Leave out the pictures and repeat the data exactly.

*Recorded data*
- Opening Delimiter -
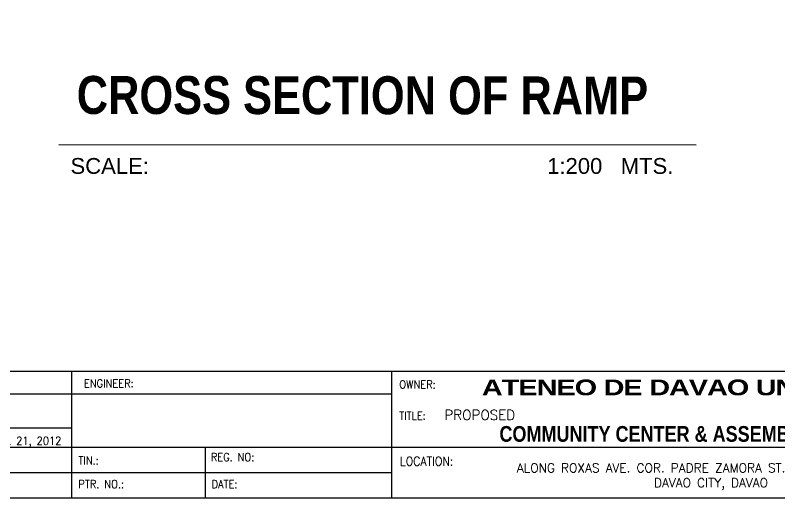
# Model space of a CAD drawing. Header units: millimetres. Extents: x 2148 to 2681, y 758 to 986.
# Drawn here: x 2201.08 to 2225.29, y 836.04 to 851.31 of the extents above; entities that cross this region are included whole.
import ezdxf
from ezdxf.enums import TextEntityAlignment as Align

# ---------------------------------------------------------------- set-up
doc = ezdxf.new("R2010")
doc.units = ezdxf.units.MM
for name, color, linetype in [('4CO', 4, 'Continuous'), ('DIM', 20, 'Continuous'), ('p-boarder', 2, 'Continuous'), ('TITLE', 3, 'Continuous'), ('wall', 4, 'Continuous')]:
    doc.layers.add(name, color=color, linetype=linetype)
doc.styles.add('100', font='SIMPLEX.shx', dxfattribs={"height": 0.25})
doc.styles.add('ARIAL', font='arial.ttf')
doc.styles.add('ROMANT', font='romant__.ttf')
doc.styles.add('SMOOTHER', font='simplex_.ttf')

# ---------------------------------------------------------------- blocks, each defined once
blk = doc.blocks.new('A$C1DB67A09')
at = {"layer": 'p-boarder', "ltscale": 0.5}
for p, q in [((36.701, -77.28, 0), (36.701, -81.28, 0)), ((36.701, -77.28, 0), (36.701, -81.28, 0)), ((46.838, -77.28, 0), (46.838, -81.28, 0)), ((26.637, -77.992, 0), (46.838, -77.992, 0)), ((26.637, -79.073, 0), (36.701, -79.073, 0)), ((26.637, -79.68, 0), (74.014, -79.68, 0)), ((40.93, -79.68, 0), (40.93, -81.28, 0)), ((26.637, -80.48, 0), (46.838, -80.48, 0))]:
    blk.add_line(p, q, dxfattribs=at)
at = {"layer": 'wall', "color": 16, "linetype": 'ByBlock', "ltscale": 1.5}
blk.add_line((9.492, -77.28, 0), (106.692, -77.28, 0), dxfattribs=at)
at = {"layer": 'wall', "color": 16, "linetype": 'ByBlock', "ltscale": 1.5, "elevation": 0}
blk.add_lwpolyline([(9.492, -81.28), (106.692, -81.28), (106.692, -9.48), (9.492, -9.48)], close=True, dxfattribs=at)
at = {"layer": '4CO', "attachment_point": 5}
for s, insert, char_height, width, style in [('{\\fTechnicBold|b0|i0|c2|p2;\\W1.6;\\T0.95;ATENEO DE DAVAO UNIVERSITY}', (56.636, -77.793, 0), 0.4983, 18.33246, 'ROMANT'), ('PROPOSED', (49.629, -78.659, 0), 0.3132, 6.07023, '100'), ('{\\fTechnicBold|b0|i0|c2|p2;\\H0.91x;COMMUNITY CENTER & ASSEMBLY HALL}', (56.053, -79.265, 0), 0.54757, 16.04759, 'ROMANT')]:
    blk.add_mtext(s, dxfattribs=dict(at, insert=insert, char_height=char_height, width=width, style=style))
at = {"layer": 'TITLE', "style": 'SMOOTHER', "width": 0.9}
blk.add_text('ENGINEER:', height=0.2534, dxfattribs=at).set_placement((37.882, -77.661, 0), align=Align.MIDDLE)
for s, height, p in [('OWNER:', 0.2534, (47.08, -77.821, 0)), ('OWNER:', 0.2534, (47.08, -77.821, 0)), ('TITLE:', 0.2534, (47.08, -78.811, 0)), ('TITLE:', 0.2534, (47.08, -78.811, 0)), ('DEC. 21, 2012', 0.25344, (34.097, -79.604, 0)), ('REG. NO:', 0.2534, (41.11, -80.121, 0)), ('TIN.:  ', 0.2534, (36.919, -80.231, 0)), ('LOCATION: ', 0.2816, (47.098, -80.268, 0)), ('PTR. NO.: ', 0.2534, (36.917, -80.975, 0)), ('DATE:', 0.2534, (41.134, -80.978, 0))]:
    blk.add_text(s, height=height, dxfattribs=at).set_placement(p)
at = {"layer": 'TITLE', "insert": (56.953, -80.615, 0), "char_height": 0.2816, "width": 14.50348, "attachment_point": 5, "style": 'SMOOTHER'}
blk.add_mtext('ALONG ROXAS AVE. COR. PADRE ZAMORA ST. & E. JACINTO ST.,  DAVAO CITY, DAVAO', dxfattribs=at)

msp = doc.modelspace()

# ---------------------------------------------------------------- linework, layer by layer
msp.add_line((2202.4552027, 847.218802, 0), (2222.6433726, 847.205893, 0))

# ---------------------------------------------------------------- block references
at = {"layer": 'DIM', "color": 8}
msp.add_blockref('A$C1DB67A09', (2166.158248, 917.3189005), dxfattribs=at)

# ---------------------------------------------------------------- texts
at = {"color": 0, "insert": (2202.8247877, 846.7883572, 0), "char_height": 0.5, "width": 19.742788118, "attachment_point": 1, "style": 'ARIAL'}
msp.add_mtext('{\\fArial|b0|i0|c204|p34;SCALE:        }          {\\fArial|b0|i0|c204|p34; }                                            {\\fArial|b0|i0|c204|p34;  1:}2{\\fArial|b0|i0|c204|p34;00}   {\\fArial|b0|i0|c204|p34;MTS.}', dxfattribs=at)
at = {"layer": '4CO', "insert": (2212.0712472, 848.7673622, -0.0000001), "char_height": 1.5, "width": 32.161121986, "attachment_point": 5, "rotation": 359.93919431, "style": 'ROMANT'}
msp.add_mtext('\\pt15;{\\fTechnicBold|b1|i0|c2|p2;\\H0.8x;CROSS SECTION OF RAMP}', dxfattribs=at)

doc.saveas('drawing.dxf')
- Closing Delimiter -
*RESULT*
# Model space of a CAD drawing. Header units: millimetres. Extents: x 2148 to 2681, y 758 to 986.
# Drawn here: x 2201.08 to 2225.29, y 836.04 to 851.31 of the extents above; entities that cross this region are included whole.
import ezdxf
from ezdxf.enums import TextEntityAlignment as Align

# ---------------------------------------------------------------- set-up
doc = ezdxf.new("R2010")
doc.units = ezdxf.units.MM
for name, color, linetype in [('4CO', 4, 'Continuous'), ('DIM', 20, 'Continuous'), ('p-boarder', 2, 'Continuous'), ('TITLE', 3, 'Continuous'), ('wall', 4, 'Continuous')]:
    doc.layers.add(name, color=color, linetype=linetype)
doc.styles.add('100', font='SIMPLEX.shx', dxfattribs={"height": 0.25})
doc.styles.add('ARIAL', font='arial.ttf')
doc.styles.add('ROMANT', font='romant__.ttf')
doc.styles.add('SMOOTHER', font='simplex_.ttf')

# ---------------------------------------------------------------- blocks, each defined once
blk = doc.blocks.new('A$C1DB67A09')
at = {"layer": 'p-boarder', "ltscale": 0.5}
for p, q in [((36.701, -77.28, 0), (36.701, -81.28, 0)), ((36.701, -77.28, 0), (36.701, -81.28, 0)), ((46.838, -77.28, 0), (46.838, -81.28, 0)), ((26.637, -77.992, 0), (46.838, -77.992, 0)), ((26.637, -79.073, 0), (36.701, -79.073, 0)), ((26.637, -79.68, 0), (74.014, -79.68, 0)), ((40.93, -79.68, 0), (40.93, -81.28, 0)), ((26.637, -80.48, 0), (46.838, -80.48, 0))]:
    blk.add_line(p, q, dxfattribs=at)
at = {"layer": 'wall', "color": 16, "linetype": 'ByBlock', "ltscale": 1.5}
blk.add_line((9.492, -77.28, 0), (106.692, -77.28, 0), dxfattribs=at)
at = {"layer": 'wall', "color": 16, "linetype": 'ByBlock', "ltscale": 1.5, "elevation": 0}
blk.add_lwpolyline([(9.492, -81.28), (106.692, -81.28), (106.692, -9.48), (9.492, -9.48)], close=True, dxfattribs=at)
at = {"layer": '4CO', "attachment_point": 5}
for s, insert, char_height, width, style in [('{\\fTechnicBold|b0|i0|c2|p2;\\W1.6;\\T0.95;ATENEO DE DAVAO UNIVERSITY}', (56.636, -77.793, 0), 0.4983, 18.33246, 'ROMANT'), ('PROPOSED', (49.629, -78.659, 0), 0.3132, 6.07023, '100'), ('{\\fTechnicBold|b0|i0|c2|p2;\\H0.91x;COMMUNITY CENTER & ASSEMBLY HALL}', (56.053, -79.265, 0), 0.54757, 16.04759, 'ROMANT')]:
    blk.add_mtext(s, dxfattribs=dict(at, insert=insert, char_height=char_height, width=width, style=style))
at = {"layer": 'TITLE', "style": 'SMOOTHER', "width": 0.9}
blk.add_text('ENGINEER:', height=0.2534, dxfattribs=at).set_placement((37.882, -77.661, 0), align=Align.MIDDLE)
for s, height, p in [('OWNER:', 0.2534, (47.08, -77.821, 0)), ('OWNER:', 0.2534, (47.08, -77.821, 0)), ('TITLE:', 0.2534, (47.08, -78.811, 0)), ('TITLE:', 0.2534, (47.08, -78.811, 0)), ('DEC. 21, 2012', 0.25344, (34.097, -79.604, 0)), ('REG. NO:', 0.2534, (41.11, -80.121, 0)), ('TIN.:  ', 0.2534, (36.919, -80.231, 0)), ('LOCATION: ', 0.2816, (47.098, -80.268, 0)), ('PTR. NO.: ', 0.2534, (36.917, -80.975, 0)), ('DATE:', 0.2534, (41.134, -80.978, 0))]:
    blk.add_text(s, height=height, dxfattribs=at).set_placement(p)
at = {"layer": 'TITLE', "insert": (56.953, -80.615, 0), "char_height": 0.2816, "width": 14.50348, "attachment_point": 5, "style": 'SMOOTHER'}
blk.add_mtext('ALONG ROXAS AVE. COR. PADRE ZAMORA ST. & E. JACINTO ST.,  DAVAO CITY, DAVAO', dxfattribs=at)

msp = doc.modelspace()

# ---------------------------------------------------------------- linework, layer by layer
msp.add_line((2202.4552027, 847.218802, 0), (2222.6433726, 847.205893, 0))

# ---------------------------------------------------------------- block references
at = {"layer": 'DIM', "color": 8}
msp.add_blockref('A$C1DB67A09', (2166.158248, 917.3189005), dxfattribs=at)

# ---------------------------------------------------------------- texts
at = {"color": 0, "insert": (2202.8247877, 846.7883572, 0), "char_height": 0.5, "width": 19.742788118, "attachment_point": 1, "style": 'ARIAL'}
msp.add_mtext('{\\fArial|b0|i0|c204|p34;SCALE:        }          {\\fArial|b0|i0|c204|p34; }                                            {\\fArial|b0|i0|c204|p34;  1:}2{\\fArial|b0|i0|c204|p34;00}   {\\fArial|b0|i0|c204|p34;MTS.}', dxfattribs=at)
at = {"layer": '4CO', "insert": (2212.0712472, 848.7673622, -0.0000001), "char_height": 1.5, "width": 32.161121986, "attachment_point": 5, "rotation": 359.93919431, "style": 'ROMANT'}
msp.add_mtext('\\pt15;{\\fTechnicBold|b1|i0|c2|p2;\\H0.8x;CROSS SECTION OF RAMP}', dxfattribs=at)

doc.saveas('drawing.dxf')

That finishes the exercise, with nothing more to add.